While the fuel economy by itself is a relatively minor thing to me (I knew what I was getting into when I bought an SUV), I can tell you that I really appreciate a direct side-effect of this fuel economy: less frequent fill-ups! The V10 has a range of about 650+ miles per tank on the highway 525 miles per tank in mixed city-highway. When I had my V8, it seemed like I was always being chased by the damn fuel gauge. I’d fill-er up, then before I knew it, I’d be down half a tank! I think the cure for this is to give the V8 a bigger fuel tank. I’m not sure where they’d put the extra dino juice, though.
12. When cruising down the highway at 65 MPH (windows and sunroof closed), the V10 seems slightly quieter than the V8. And I always thought the V8 was extremely quiet! Both my V8 and V10 were equipped with the same Conti 18’s and I removed the roof racks on both, so neither was a factor. As everyone with a Treg knows, one “drawback” to this quiet power is that it is exceptionally easy to drive over the speed limit. I think the V10 is especially susceptible to this “problem.” 
13. When idling, the V8 seems slightly quieter than the V10. However, the V10 is steady as a rock at idle. My V8 would usually shimmy ever so slightly at idle. The V8 idle shimmy was more noticeable if heavy demands were placed on the engine (lights, a/c, stereo, wipers, etc.). I was able to eliminate the V8 idle shimmy by depressing the accelerator pedal ever so slightly to increase the idle speed perhaps 50 or 100 RPM. I did not do this, but someone else on the forum indicated they were able to get the VW Tech to increase the idle RPM just slightly and cured the problem that way.
14. More VW Techs will approach you while you are driving the V10 than the V8. I suspect this is the novelty of the V10 because I never had VW Techs come up to me while I was driving my V8. One weekend alone I had 2 VW technicians come up to me and ask about the car. One fellow said he followed me for about 5 miles until I had stopped at the mall just so he could listen to it. Good thing I wasn’t driving to Biscayne Bay for a fishing trip!
15. More guys with sports cars will “noticeably” accelerate (VROOM) as they pass while you are driving the V10 (I never experienced this while driving my V8). And 3 times out of 4 it’s usually some kid in a Mustang (nice V8 rumble there!). I haven’t risen to that bait...but there is this Twin Turbo Pepper that I often see running along a certain stretch of 4-lane near work... I guess it’s only a matter of time before we are both stopped side-by-side and first in line at the traffic light. Wish the traffic lights in the US were like the UK with a "yellow before green" cycle...

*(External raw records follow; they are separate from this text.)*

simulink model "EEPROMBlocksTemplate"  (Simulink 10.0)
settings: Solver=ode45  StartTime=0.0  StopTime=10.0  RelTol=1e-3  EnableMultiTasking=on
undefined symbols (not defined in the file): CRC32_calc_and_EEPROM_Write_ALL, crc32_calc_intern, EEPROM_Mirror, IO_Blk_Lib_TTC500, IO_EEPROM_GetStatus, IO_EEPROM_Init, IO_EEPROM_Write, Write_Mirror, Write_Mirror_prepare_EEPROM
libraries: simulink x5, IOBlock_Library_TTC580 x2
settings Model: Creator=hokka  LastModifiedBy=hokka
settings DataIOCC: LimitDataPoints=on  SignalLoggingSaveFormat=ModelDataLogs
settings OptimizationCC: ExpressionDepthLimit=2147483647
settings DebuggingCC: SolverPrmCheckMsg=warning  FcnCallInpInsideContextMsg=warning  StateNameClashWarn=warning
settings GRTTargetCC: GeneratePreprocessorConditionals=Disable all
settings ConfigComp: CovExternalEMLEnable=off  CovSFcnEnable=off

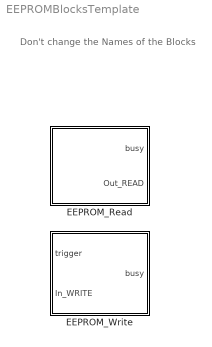
== system EEPROMBlocksTemplate ==
  note: Don't change the Names of the Blocks
  EEPROM_Read : Subsystem  Priority=0  mask(Generated EEPROM_Read){}
      mask help: This Block was generated by the EEPROM Importer
      mask Help:
      | Read out the EEPROM for all given parameters and provide these values on the outports.
      | Reading is done at startup. As long as reading form EEPROM is not terminated for all parameters the busy flag will stay 'true'.
      | CRC_OK will be 0 as long as reading of EEPROM is not completed. Upon success the result is +1. If CRC check fails the result will be -1.
  EEPROM_Write : Subsystem  Priority=0  mask(Generated EEPROM_Write){}
      mask help: This Block was generated by the EEPROM Importer
      mask Help:
      | Aufter receiving the positive edge of a trigger signal the EEPROM_Write - Block will store the parameters into the EEPROM together with the updated CRC32.
      | The busy flag will be 'true' as long as writing to EEPROM is not accomplished or any other EEPROM access is ongoing.
      | The busy flag needs not to be fed back as the trigger rise an internal pending activity as long as EEPROM is not accessible in order to accomplishe the actual writing as soon as the EEPROM is accessible again.

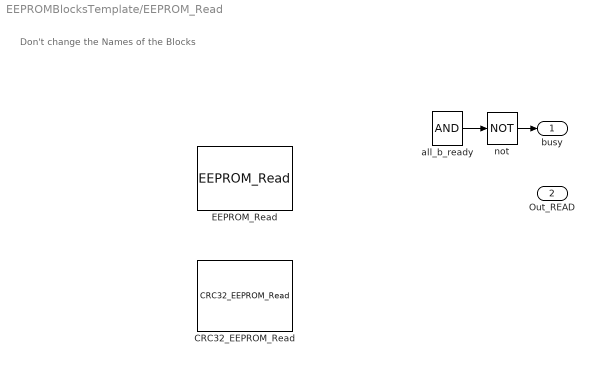
== system EEPROMBlocksTemplate/EEPROM_Read ==
  note: Don't change the Names of the Blocks
  CRC32_EEPROM_Read : IOBlock_Library_TTC580/EEPROM Blocks TTC580 IOlib/CRC32_EEPROM_Read  SampleTime=-1  ttlib=IO_Blk_Lib_TTC500  ttDescription=CRC32_EEPROM_Read  tt_iolib_version=0.26  BasicAddr=0  EndAddr=hex2dec('100')  offset=hex2dec('101')  length=4
      settings: SourceProductName=I/O Blocklibrary for TTC580
  EEPROM_Read : IOBlock_Library_TTC580/EEPROM Blocks TTC580 IOlib/EEPROM_Read  SampleTime=-1  ttlib=IO_Blk_Lib_TTC500  ttDescription=EEPROM_Read  tt_iolib_version=0.26  offset=0  EEPROM_type=uint8
      settings: SourceProductName=I/O Blocklibrary for TTC580
  all_b_ready : Logic  Inputs=1  AllPortsSameDT=off  OutDataTypeStr=boolean
  not : Logic  Operator=NOT  Inputs=1  AllPortsSameDT=off  OutDataTypeStr=boolean
  busy : Outport  VectorParamsAs1DForOutWhenUnconnected=off
  Out_READ : Outport  Port=2  VectorParamsAs1DForOutWhenUnconnected=off
  wires:
  all_b_ready/1 -> not/1
  not/1 -> busy/1

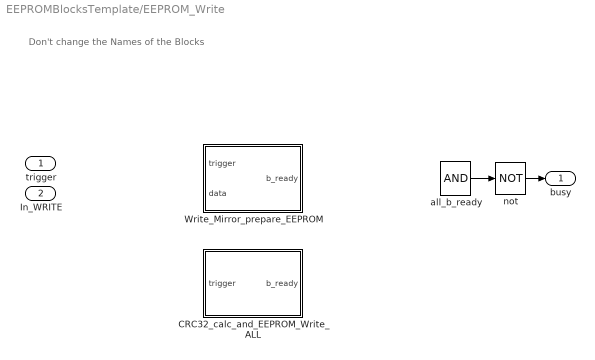
== system EEPROMBlocksTemplate/EEPROM_Write ==
  note: Don't change the Names of the Blocks
  trigger : Inport  OutDataTypeStr=boolean
  In_WRITE : Inport  Port=2
  CRC32_calc_and_EEPROM_Write_ALL : Subsystem  LoadFcn=|  mask(CRC32_calc_and_EEPROM_Write_ALL_Code){SampleTime=-1, ttlib=IO_Blk_Lib_TTC500, ttDescription=CRC32_calc_and_EEPROM_Write_ALL, tt_iolib_version=0.16, BasicAddr=0, EndAddr=hex2dec('100'), offset=hex2dec('101'), length=4}
      | try
      | %
      | %Upgrade Information - standard BEGIN
      | new_color = 'blue';
      | new_ver = '0.16';
      | act_ver = get_param(gcb,'tt_iolib_version');
      | if not(strcmp(act_ver,new_ver))
      |     disp(['Upgrade block: ',gcb,char(10),'       Version: ',act_ver,' -> ',new_ver]);
      |     %switch - case for specific upgrade information e.g. additional parameter required 
      |     %Change appearance and version information
      |     set_param(gcb,'ForegroundColor',new_color);
      |     set_param(gcb,'tt_iolib_version',new_ver);
      | end
      | %Upgrade Information - standard END
      | catch
      | %Standard catch section BEGIN 
      | disp(' ');
      | disp('------------------------------------------------------------');
      | disp('An error occurred in a callback of the TTC580-BlockLib.');
      | disp(['Please check the parameters in the mask of ',gcb]);
      | disp('If you do not encounter any violations, then please '); 
      | disp('copy the following lines and report this to support@ttcontrol.com ');
      | disp('<< begin of error message dump >>');
      | disp(['Version of TTC580-BlockLib: ', get_param(gcb,'tt_iolib_version')]);
      | disp(get_param(gcb,'ttDescription'));
      | disp(gcb);
      | x=lasterror;disp(x.message);
      | disp(get_param(gcb,'MaskValues'));
      | disp(version);
      | disp(computer);
      | disp('<< end of error message dump >>');
      | disp('------------------------------------------------------------');
      | disp(' ');
      | %Standard catch section END
      | end
      mask help:
      | Calculate crc32 for the section [BasicAddr .. EndAddr] out of the EEPROM and write this to a given address (=offset) in EEPROM together with all data in section [BasisAddr .. EndAddr]. This block is supposed to be used within the EEPROM_Importer() only.
      | Note: The trigger input has to be connected to the same trigger as for all EEPROM_Write blocks accessing the interval [BasicAddr .. EndAddr] otherwise data inconsitency may occur.
      mask init:
      | %
      settings: CopyFcn=%deleted
      mask Help: web(which('~.h'))
      mask Callback BasicAddr: %
      mask Callback EndAddr: %
      mask Callback offset: %
      mask Callback length: %
  Write_Mirror_prepare_EEPROM : Subsystem  LoadFcn=|  mask(Write_Mirror_prepare_EEPROM_Code){SampleTime=-1, ttlib=IO_Blk_Lib_TTC500, ttDescription=Write_Mirror_prepare_EEPROM, tt_iolib_version=0.16, offset=0, EEPROM_type=uint8}
      | try
      | %
      | %Upgrade Information - standard BEGIN
      | new_color = 'blue';
      | new_ver = '0.16';
      | act_ver = get_param(gcb,'tt_iolib_version');
      | if not(strcmp(act_ver,new_ver))
      |     disp(['Upgrade block: ',gcb,char(10),'       Version: ',act_ver,' -> ',new_ver]);
      |     %switch - case for specific upgrade information e.g. additional parameter required 
      |     %Change appearance and version information
      |     set_param(gcb,'ForegroundColor',new_color);
      |     set_param(gcb,'tt_iolib_version',new_ver);
      | end
      | %Upgrade Information - standard END
      | catch
      | %Standard catch section BEGIN 
      | disp(' ');
      | disp('------------------------------------------------------------');
      | disp('An error occurred in a callback of the TTC580-BlockLib.');
      | disp(['Please check the parameters in the mask of ',gcb]);
      | disp('If you do not encounter any violations, then please '); 
      | disp('copy the following lines and report this to support@ttcontrol.com ');
      | disp('<< begin of error message dump >>');
      | disp(['Version of TTC580-BlockLib: ', get_param(gcb,'tt_iolib_version')]);
      | disp(get_param(gcb,'ttDescription'));
      | disp(gcb);
      | x=lasterror;disp(x.message);
      | disp(get_param(gcb,'MaskValues'));
      | disp(version);
      | disp(computer);
      | disp('<< end of error message dump >>');
      | disp('------------------------------------------------------------');
      | disp(' ');
      | %Standard catch section END
      | end
      mask help:
      | Write data to the EEPROM_mirror[] in the context of EEPROM_Importer only.
      | Note that offset has to be in the range [0..65535] for TTC580 and [0..32767]for TTC590
      | Note further: No physical IO_EEPROM_Write is perfomted here. This is done in CRC32_calc_and_EEPROM_Write_ALL
      mask init:
      | try
      | switch EEPROM_type 
      |     case {'uint8'}
      |         length = 1; 
      |     case {'uint16'}; 
      |         length = 2; 
      |     case {'uint32'}
      |         length = 4; 
      |     case {'int8'}
      |         length = 1; 
      |     case {'int16'}; 
      |         length = 2; 
      |     case {'int32'}
      |         length = 4; 
      |     case {'single'}
      |         length = 4; 
      |     case {'double'}
      |         length = 8; 
      |     otherwise
      |         error('EEPROM_Write: unsupported type');
      | end
      | 
      | catch
      | %Standard catch section BEGIN 
      | disp(' ');
      | disp('------------------------------------------------------------');
      | disp('An error occurred in a callback of the TTC580-BlockLib.');
      | disp(['Please check the parameters in the mask of ',gcb]);
      | disp('If you do not encounter any violations, then please '); 
      | disp('copy the following lines and report this to support@ttcontrol.com ');
      | disp('<< begin of error message dump >>');
      | disp(['Version of TTC580-BlockLib: ', get_param(gcb,'tt_iolib_version')]);
      | disp(get_param(gcb,'ttDescription'));
      | disp(gcb);
      | x=lasterror;disp(x.message);
      | disp(get_param(gcb,'MaskValues'));
      | disp(version);
      | disp(computer);
      | disp('<< end of error message dump >>');
      | disp('------------------------------------------------------------');
      | disp(' ');
      | %Standard catch section END
      | end
      settings: CopyFcn=%deleted
      mask Help: web(which('~.h'))
      mask Callback offset: %
      mask TypeOptions EEPROM_type: uint8 | uint16 | uint32
      mask Callback EEPROM_type: %
  all_b_ready : Logic  Inputs=1  AllPortsSameDT=off  OutDataTypeStr=boolean
  not : Logic  Operator=NOT  Inputs=1  AllPortsSameDT=off  OutDataTypeStr=boolean
  busy : Outport  VectorParamsAs1DForOutWhenUnconnected=off
  wires:
  all_b_ready/1 -> not/1
  not/1 -> busy/1

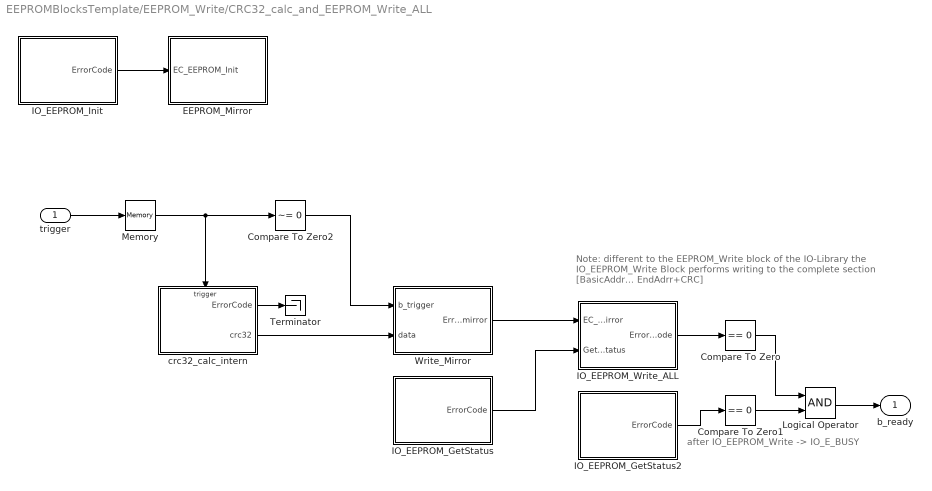
== system EEPROMBlocksTemplate/EEPROM_Write/CRC32_calc_and_EEPROM_Write_ALL ==
  note: Note: different to the EEPROM_Write block
      | of the IO-Library the IO_EEPROM_Write Block
      | performs writing to the complete section [BasicAddr... EndAdrr+CRC]
  note: after IO_EEPROM_Write -> IO_E_BUSY
  trigger : Inport
  Compare To Zero : simulink/Logic and Bit Operations/Compare To Zero  relop===  OutDataTypeStr=boolean  ZeroCross=off
  Compare To Zero1 : simulink/Logic and Bit Operations/Compare To Zero  relop===  OutDataTypeStr=boolean  ZeroCross=off
  Compare To Zero2 : simulink/Logic and Bit Operations/Compare To Zero  relop=~=  OutDataTypeStr=boolean  ZeroCross=off
  EEPROM_Mirror : Subsystem  LoadFcn=|  mask(EEPROM_Mirror_Code){SampleTime=-1, ttlib=IO_Blk_Lib_TTC500, ttDescription=EEPROM_Mirror, tt_iolib_version=0.21, offset=0, length=65536}
      | try
      | %
      | %Upgrade Information - standard BEGIN
      | new_color = 'blue';
      | new_ver = '0.21';
      | act_ver = get_param(gcb,'tt_iolib_version');
      | if not(strcmp(act_ver,new_ver))
      |     disp(['Upgrade block: ',gcb,char(10),'       Version: ',act_ver,' -> ',new_ver]);
      |     %switch - case for specific upgrade information e.g. additional parameter required 
      |     %Change appearance and version information
      |     set_param(gcb,'ForegroundColor',new_color);
      |     set_param(gcb,'tt_iolib_version',new_ver);
      | end
      | %Upgrade Information - standard END
      | catch
      | %Standard catch section BEGIN 
      | disp(' ');
      | disp('------------------------------------------------------------');
      | disp('An error occurred in a callback of the TTC580-BlockLib.');
      | disp(['Please check the parameters in the mask of ',gcb]);
      | disp('If you do not encounter any violations, then please '); 
      | disp('copy the following lines and report this to support@ttcontrol.com ');
      | disp('<< begin of error message dump >>');
      | disp(['Version of TTC580-BlockLib: ', get_param(gcb,'tt_iolib_version')]);
      | disp(get_param(gcb,'ttDescription'));
      | disp(gcb);
      | x=lasterror;disp(x.message);
      | disp(get_param(gcb,'MaskValues'));
      | disp(version);
      | disp(computer);
      | disp('<< end of error message dump >>');
      | disp('------------------------------------------------------------');
      | disp(' ');
      | %Standard catch section END
      | end
      mask help:
      | Read all data from the EEPROM and mirror this onto RAM.
      | The ErrorCode of IO_EEPROM_Init - block must be connected to the input of EEPROM_Mirror.
      | After calling EEPROM_Mirror the global variable EEPROM_mirror is filled and
      | the global variable ErrorCode_EEPROM_mirror contains the returns of IO_EEPROM_Init() and IO_EEPROM_Read().
      mask init:
      | %
      settings: CopyFcn=%deleted
      mask Help: web(which('IO_EEPROM.h'))
      mask Callback offset: %
      mask Callback length: %
  IO_EEPROM_GetStatus : Subsystem  LoadFcn=|  mask(IO_EEPROM_GetStatus_Code){SampleTime=-1, ttlib=IO_Blk_Lib_TTC500, ttDescription=IO_EEPROM_GetStatus, tt_iolib_version=0.19}
      | try
      | %
      | %Upgrade Information - standard BEGIN
      | new_color = 'blue';
      | new_ver = '0.19';
      | act_ver = get_param(gcb,'tt_iolib_version');
      | if not(strcmp(act_ver,new_ver))
      |     disp(['Upgrade block: ',gcb,char(10),'       Version: ',act_ver,' -> ',new_ver]);
      |     %switch - case for specific upgrade information e.g. additional parameter required 
      |     %Change appearance and version information
      |     set_param(gcb,'ForegroundColor',new_color);
      |     set_param(gcb,'tt_iolib_version',new_ver);
      | end
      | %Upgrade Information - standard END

16. The V10 seems to have a higher operating temperature than the V8, but it takes much longer to reach that temperature and much longer to cool down from it. The water temperature gauge shows the same range as the V8 (~200F), but the oil temp gauge shows a bit hotter (~200 to 215) in the V10. Stand well back from the engine compartment if you must open it up after running it at speed…else your hair will curl. Engine covers and shroud are too hot to touch for more than a brief moment.
17. Tiptronic will not allow the truck to start in 2nd gear like the V8. Tranny will automatically downshift to 1st every time and you cannot tip it up to 2nd.
18. Sport Mode on the V10 uses 6th gear at around 60MPH w/o using the cruise control. I never got my V8's Sport Mode to use 6th gear unless I engaged and set the cruise control. Perhaps the V8 would also use 6th gear in Sport Mode w/o cruise control, but at much higher speed/RPM than I tried on US roads.
[Small edit for paragraph + ghrammer + add #17 + add #18]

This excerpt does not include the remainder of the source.